Input data
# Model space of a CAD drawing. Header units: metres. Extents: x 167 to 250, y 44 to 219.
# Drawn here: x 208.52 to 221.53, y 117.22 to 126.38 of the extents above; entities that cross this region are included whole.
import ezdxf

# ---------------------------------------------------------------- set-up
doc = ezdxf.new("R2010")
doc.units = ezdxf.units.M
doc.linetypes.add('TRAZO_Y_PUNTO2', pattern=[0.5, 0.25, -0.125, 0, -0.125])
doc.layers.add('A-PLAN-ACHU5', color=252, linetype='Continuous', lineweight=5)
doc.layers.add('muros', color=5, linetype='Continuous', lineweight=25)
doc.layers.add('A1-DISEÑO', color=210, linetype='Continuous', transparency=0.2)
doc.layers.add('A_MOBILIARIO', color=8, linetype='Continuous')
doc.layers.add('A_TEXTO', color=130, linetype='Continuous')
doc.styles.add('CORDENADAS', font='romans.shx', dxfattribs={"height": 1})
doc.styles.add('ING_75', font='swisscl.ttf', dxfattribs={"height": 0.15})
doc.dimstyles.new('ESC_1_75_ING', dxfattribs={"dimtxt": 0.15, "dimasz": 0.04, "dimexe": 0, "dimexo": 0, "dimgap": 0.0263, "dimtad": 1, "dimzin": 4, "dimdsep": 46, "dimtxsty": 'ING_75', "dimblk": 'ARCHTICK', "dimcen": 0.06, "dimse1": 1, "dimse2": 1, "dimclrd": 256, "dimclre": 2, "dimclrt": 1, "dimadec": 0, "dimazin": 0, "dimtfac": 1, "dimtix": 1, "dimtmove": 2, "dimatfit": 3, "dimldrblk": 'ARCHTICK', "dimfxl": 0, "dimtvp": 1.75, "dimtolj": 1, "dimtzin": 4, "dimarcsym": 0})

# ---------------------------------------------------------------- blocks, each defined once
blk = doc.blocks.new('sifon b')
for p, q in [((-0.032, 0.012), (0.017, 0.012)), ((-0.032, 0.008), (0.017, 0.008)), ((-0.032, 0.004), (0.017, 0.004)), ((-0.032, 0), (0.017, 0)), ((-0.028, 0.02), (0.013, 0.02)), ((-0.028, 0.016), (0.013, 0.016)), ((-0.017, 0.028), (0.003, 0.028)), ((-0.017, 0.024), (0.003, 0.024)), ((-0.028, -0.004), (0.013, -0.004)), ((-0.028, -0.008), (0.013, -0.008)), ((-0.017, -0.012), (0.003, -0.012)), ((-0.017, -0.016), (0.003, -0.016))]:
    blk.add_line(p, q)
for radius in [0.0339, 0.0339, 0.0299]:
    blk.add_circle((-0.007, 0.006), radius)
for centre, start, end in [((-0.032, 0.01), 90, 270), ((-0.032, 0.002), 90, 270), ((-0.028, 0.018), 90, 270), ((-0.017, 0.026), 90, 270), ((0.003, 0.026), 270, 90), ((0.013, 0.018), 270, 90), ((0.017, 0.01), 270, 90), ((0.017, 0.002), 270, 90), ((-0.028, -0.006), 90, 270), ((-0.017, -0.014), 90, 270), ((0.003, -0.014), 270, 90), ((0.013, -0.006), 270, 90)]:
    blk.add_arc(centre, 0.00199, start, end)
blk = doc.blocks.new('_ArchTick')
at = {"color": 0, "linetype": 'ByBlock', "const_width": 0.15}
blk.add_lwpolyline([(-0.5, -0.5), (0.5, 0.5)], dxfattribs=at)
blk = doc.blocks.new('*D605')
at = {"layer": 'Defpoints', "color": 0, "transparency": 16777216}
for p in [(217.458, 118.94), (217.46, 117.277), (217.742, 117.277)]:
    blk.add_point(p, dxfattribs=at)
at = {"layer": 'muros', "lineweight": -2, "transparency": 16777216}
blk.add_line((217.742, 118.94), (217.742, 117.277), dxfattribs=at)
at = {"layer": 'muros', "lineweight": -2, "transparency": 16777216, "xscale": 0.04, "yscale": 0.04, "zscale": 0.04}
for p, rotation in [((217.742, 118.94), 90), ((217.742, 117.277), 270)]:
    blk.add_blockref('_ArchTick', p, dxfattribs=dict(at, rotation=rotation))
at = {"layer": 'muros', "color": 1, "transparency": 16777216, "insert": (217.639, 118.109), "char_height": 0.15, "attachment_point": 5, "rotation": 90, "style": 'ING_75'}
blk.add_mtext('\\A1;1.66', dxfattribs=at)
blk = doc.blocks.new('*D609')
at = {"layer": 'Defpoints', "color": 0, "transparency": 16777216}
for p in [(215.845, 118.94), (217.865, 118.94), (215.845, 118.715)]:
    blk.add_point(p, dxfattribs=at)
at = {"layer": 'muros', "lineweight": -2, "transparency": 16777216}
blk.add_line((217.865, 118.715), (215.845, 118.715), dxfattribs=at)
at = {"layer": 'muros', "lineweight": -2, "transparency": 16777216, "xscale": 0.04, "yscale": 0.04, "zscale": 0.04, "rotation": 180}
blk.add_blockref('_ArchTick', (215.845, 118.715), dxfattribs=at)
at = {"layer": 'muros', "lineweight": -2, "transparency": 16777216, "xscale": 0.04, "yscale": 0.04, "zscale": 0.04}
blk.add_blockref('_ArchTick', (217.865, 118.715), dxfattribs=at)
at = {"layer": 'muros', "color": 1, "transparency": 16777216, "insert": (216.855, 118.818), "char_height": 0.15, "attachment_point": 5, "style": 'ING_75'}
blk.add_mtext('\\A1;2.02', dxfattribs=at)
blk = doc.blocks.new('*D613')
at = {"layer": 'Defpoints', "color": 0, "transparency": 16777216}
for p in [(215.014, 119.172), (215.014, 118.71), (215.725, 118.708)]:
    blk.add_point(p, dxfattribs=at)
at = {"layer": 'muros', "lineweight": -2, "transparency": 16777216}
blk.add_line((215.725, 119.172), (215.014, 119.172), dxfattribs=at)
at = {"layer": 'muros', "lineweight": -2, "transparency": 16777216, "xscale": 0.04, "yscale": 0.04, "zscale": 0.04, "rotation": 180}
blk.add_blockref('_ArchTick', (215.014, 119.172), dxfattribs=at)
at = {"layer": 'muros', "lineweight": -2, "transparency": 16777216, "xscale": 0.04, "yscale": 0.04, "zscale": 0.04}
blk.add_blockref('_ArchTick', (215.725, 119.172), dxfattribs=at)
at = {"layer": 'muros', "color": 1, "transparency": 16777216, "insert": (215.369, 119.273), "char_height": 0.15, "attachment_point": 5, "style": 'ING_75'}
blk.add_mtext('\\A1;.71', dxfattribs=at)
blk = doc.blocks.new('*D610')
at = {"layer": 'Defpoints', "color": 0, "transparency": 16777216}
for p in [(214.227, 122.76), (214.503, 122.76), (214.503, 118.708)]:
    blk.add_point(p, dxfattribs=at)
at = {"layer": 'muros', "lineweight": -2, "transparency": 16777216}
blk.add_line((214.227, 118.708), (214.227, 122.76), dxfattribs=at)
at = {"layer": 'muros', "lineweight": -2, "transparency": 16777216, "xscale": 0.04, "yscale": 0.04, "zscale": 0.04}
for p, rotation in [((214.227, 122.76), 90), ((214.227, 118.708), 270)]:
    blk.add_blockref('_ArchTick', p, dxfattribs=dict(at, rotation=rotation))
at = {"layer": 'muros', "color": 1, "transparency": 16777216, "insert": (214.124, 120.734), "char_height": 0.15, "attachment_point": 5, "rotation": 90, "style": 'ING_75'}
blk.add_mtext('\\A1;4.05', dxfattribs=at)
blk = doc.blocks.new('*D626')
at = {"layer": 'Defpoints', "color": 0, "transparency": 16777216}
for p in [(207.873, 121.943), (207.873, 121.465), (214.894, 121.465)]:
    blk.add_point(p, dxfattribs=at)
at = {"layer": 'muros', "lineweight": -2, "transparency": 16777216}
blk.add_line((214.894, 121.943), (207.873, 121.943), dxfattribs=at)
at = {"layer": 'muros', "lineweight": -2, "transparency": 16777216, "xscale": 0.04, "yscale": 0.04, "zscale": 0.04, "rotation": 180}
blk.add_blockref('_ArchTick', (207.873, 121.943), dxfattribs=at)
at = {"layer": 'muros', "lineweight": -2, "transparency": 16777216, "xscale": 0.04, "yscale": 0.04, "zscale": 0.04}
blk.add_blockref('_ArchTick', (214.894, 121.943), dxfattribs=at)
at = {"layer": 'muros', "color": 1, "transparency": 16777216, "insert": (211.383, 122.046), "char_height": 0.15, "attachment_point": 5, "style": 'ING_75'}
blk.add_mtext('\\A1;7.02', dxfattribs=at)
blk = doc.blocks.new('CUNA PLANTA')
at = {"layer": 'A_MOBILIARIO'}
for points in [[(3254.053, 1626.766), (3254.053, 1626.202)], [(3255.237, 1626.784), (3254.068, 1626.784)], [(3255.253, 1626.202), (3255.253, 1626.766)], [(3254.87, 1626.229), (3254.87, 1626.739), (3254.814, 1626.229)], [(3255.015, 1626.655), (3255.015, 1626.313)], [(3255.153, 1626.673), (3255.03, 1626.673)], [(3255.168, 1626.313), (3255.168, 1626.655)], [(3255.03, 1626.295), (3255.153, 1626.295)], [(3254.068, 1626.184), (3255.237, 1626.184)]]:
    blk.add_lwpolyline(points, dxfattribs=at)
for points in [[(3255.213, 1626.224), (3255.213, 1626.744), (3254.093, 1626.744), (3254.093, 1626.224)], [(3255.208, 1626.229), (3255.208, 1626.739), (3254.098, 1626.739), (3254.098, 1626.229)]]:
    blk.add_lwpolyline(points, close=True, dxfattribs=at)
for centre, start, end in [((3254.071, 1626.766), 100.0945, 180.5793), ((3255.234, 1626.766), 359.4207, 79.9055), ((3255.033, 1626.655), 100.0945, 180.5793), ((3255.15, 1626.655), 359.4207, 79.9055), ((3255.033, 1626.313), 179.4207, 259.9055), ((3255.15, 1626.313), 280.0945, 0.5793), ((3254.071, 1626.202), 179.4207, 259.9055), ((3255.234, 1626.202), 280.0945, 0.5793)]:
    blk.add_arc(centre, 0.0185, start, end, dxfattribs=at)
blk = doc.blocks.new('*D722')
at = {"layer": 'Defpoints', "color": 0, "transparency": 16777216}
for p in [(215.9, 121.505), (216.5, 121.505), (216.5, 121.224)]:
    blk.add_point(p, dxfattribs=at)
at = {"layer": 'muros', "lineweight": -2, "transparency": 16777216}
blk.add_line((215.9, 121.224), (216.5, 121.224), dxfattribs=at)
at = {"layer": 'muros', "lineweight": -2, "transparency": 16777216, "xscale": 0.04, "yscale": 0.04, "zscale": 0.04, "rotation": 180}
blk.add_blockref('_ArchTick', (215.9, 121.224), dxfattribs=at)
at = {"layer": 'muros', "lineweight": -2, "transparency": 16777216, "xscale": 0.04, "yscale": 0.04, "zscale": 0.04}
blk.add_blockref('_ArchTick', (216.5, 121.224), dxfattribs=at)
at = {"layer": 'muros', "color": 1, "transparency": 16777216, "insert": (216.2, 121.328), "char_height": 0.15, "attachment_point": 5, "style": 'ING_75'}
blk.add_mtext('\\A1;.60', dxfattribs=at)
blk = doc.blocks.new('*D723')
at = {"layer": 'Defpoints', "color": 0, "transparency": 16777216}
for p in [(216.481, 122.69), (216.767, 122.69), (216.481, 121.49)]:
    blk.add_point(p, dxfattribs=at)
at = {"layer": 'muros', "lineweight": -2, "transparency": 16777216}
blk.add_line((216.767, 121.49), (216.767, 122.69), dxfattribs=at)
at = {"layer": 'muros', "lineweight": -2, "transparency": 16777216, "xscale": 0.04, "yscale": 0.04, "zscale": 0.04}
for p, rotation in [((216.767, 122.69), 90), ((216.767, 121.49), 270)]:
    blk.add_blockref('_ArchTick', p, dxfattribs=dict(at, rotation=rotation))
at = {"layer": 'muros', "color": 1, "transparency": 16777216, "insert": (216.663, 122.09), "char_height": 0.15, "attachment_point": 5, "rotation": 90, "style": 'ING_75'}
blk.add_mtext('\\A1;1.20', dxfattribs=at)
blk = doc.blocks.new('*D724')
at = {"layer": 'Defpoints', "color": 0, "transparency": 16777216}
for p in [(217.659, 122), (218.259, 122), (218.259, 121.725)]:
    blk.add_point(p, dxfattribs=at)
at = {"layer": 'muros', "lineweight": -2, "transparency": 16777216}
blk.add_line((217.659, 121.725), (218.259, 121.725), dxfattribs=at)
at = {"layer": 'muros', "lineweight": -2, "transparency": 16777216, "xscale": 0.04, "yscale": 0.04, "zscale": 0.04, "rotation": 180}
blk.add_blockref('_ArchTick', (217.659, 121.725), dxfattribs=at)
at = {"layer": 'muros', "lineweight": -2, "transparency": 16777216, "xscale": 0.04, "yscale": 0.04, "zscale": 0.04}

What is expected
Determine how many lines above hold the word "ezdxf", then give only that number.

Written reply
3